Con siete añitos, le darán su primer cursillo:
un engrudo de verdades
que ha de aceptar sin comprender.

Nunca se llama a sí mismo “Mesías”. Pero sí se llama “Hijo del Hombre”, en una ocasión, explícitamente “con poder para perdonar”.

Perdonar, como “hijo del hombre”. ¿Será que Dios no tiene que “perdonar”?

¿No será que Dios Padre no perdona porque es Amor y el Amor no puede estar ofendido? Un padre no tiene que perdonar. (En cuanto el hijo se arrodilla para pedir perdon, él lo abraza y manda matar el mejor ternero, porque estaba perdido y ha sido encontrado…).

Perdona quien es capaz de ofenderse. El Amor no tiene receptividad de ofensas, no puede, no tiene que emitir un perdón.

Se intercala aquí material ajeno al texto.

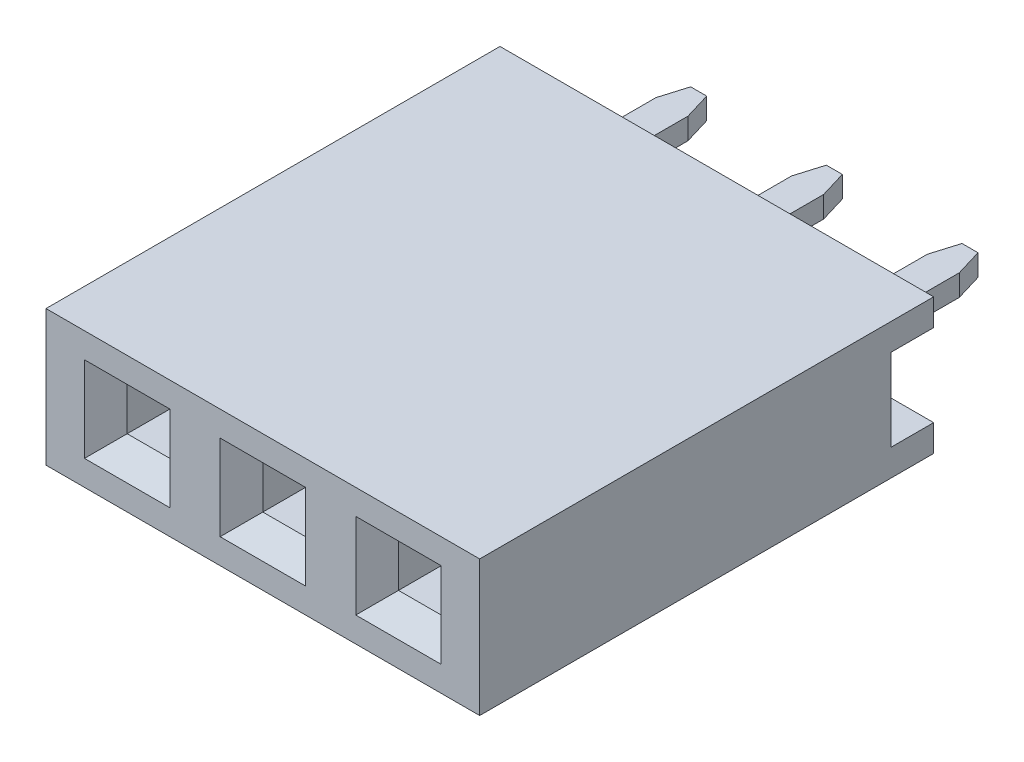
from build123d import *

# Parameters (mm, degrees)
SKETCH1_W           = 2.54
SKETCH1_H           = 8.5
BOSS_EXTRUDE1_DEPTH = 1.52
SKETCH_1_W          = 0.8
SKETCH_1_H          = 1.54
CUT_EXTRUDE_1_DEPTH = 10.116166958
SKETCH2_W           = 0.8
SKETCH2_H           = 0.8
CUT_EXTRUDE1_DEPTH  = 7
CHAMFER_1_SIZE      = 0.4
BOSS_EXTRUDE2_DEPTH = 0.2
LPATTERN1_COUNT     = 3
LPATTERN1_PITCH     = 2.54


with BuildPart() as part:
    # Sketch1 → Boss-Extrude1 (new, symmetric)
    with BuildSketch(Plane(origin=(0, 0, 0), x_dir=(0, -1, 0), z_dir=(1, 0, 0))):
        with Locations((0, -4.25)):
            Rectangle(SKETCH1_W, SKETCH1_H)
    extrude(amount=BOSS_EXTRUDE1_DEPTH, both=True)

    # Эскиз1 → Вырез-Вытянуть1 (cut, through all)
    with BuildSketch(Plane(origin=(1.52, 0, 0), x_dir=(0, 0, -1), z_dir=(1, 0, 0))):
        with Locations((-0.4, 0)):
            Rectangle(SKETCH_1_W, SKETCH_1_H)
    extrude(amount=-CUT_EXTRUDE_1_DEPTH, mode=Mode.SUBTRACT)

    # Sketch2 → Cut-Extrude1 (cut)
    with BuildSketch(Plane(origin=(0, 0, 8.5), x_dir=(-1, 0, 0), z_dir=(0, 0, 1))):
        Rectangle(SKETCH2_W, SKETCH2_H)
    extrude(amount=-CUT_EXTRUDE1_DEPTH, mode=Mode.SUBTRACT)

    # Фаска1
    chamfer_1_edges = [part.edges().sort_by_distance(p)[0] for p in [
        (0, -0.4, 8.5),
        (0.4, 0, 8.5),
        (0, 0.4, 8.5),
        (-0.4, 0, 8.5),
    ]]
    chamfer(chamfer_1_edges, length=CHAMFER_1_SIZE)

    # Sketch3 → Boss-Extrude2 (add, symmetric)
    with BuildSketch(Plane(origin=(0, 0, 0), x_dir=(1, 0, 0), z_dir=(0, 1, 0))):
        Polygon((-0.3, 0), (-0.3, 1.7), (-0.15, 2.2), (0.15, 2.2), (0.3, 1.7), (0.3, 0), (0.3, -0.8), (-0.3, -0.8), align=None)
        Polygon((0.4, -1.5), (-0.4, -1.5), (-0.4, -6.9), (-0.3, -6.9), (-0.3, -1.6), (0.3, -1.6), (0.3, -6.9), (0.4, -6.9), align=None)
    extrude(amount=BOSS_EXTRUDE2_DEPTH, both=True)


with BuildPart() as lpattern1_1:
    # LPattern1: pattern copy
    add(part.part.moved(Location(Vector(1, 0, 0) * (1 * LPATTERN1_PITCH))))


with BuildPart() as lpattern1_2:
    # LPattern1: pattern copy
    add(part.part.moved(Location(Vector(1, 0, 0) * (2 * LPATTERN1_PITCH))))

    # Combine 1: union LPattern1_1, part
    add(lpattern1_1.part)
    add(part.part)


solid = lpattern1_2.part

Este otro esquema puede ser falso: “Dios está ofendido; no me habla, ha suspendido sus relaciones conmigo…Yo, entonces, le pido perdón. Le ofrezco una satisfacción, un sacrificio, y entonces él “cambia” y me perdona…” Todo esto puede ser falso. Sería implicar a Dios en nuestros mecanismos, en nuestras liliputienses historias.

¿No será que los únicos que nos tenemos que perdonar somos los hombres, que los únicos que nos ofendemos somos nosotros y entre nosotros?

¿No será que “el hijo del hombre”, Jesús, “vino” a decirnos que una actividad del hombre era perdonar; que la ofensa y el perdón es cosa de humanos; que no hay ser humano si no hay perdón; que el rencor paraliza lo humano; que el odio es un fracaso y que el perdón  plenifica lo humano?

Y que, por tanto, no podemos perdonar “en nombre de Dios”, sino en nombre propio. Que, mientras no perdonemos,  Dios -el Amor- no puede entrar en lo humano y que, en la medida en la que perdonamos, el Amor entra en nosotros.

“Perdonad, perdonad. Si os perdonáis, Dios, mi Padre, entrará en vosotros. Si no perdonáis, Dios no puede entrar”.

“El Reino de Dios” que anunciaba Jesús era como un Jubileo Universal en el que deberían caer todas las barreras, quedar zanjadas todas las deudas, rotas todas las cadenas, abiertas todas las puertas, entrelazadas todas las manos, curadas todas las heridas comiendo todos un mismo pan, recostados en una misma mesa.

¡Qué lástima que hayamos convertido tan bella utopía en el quiosco de un confesionario!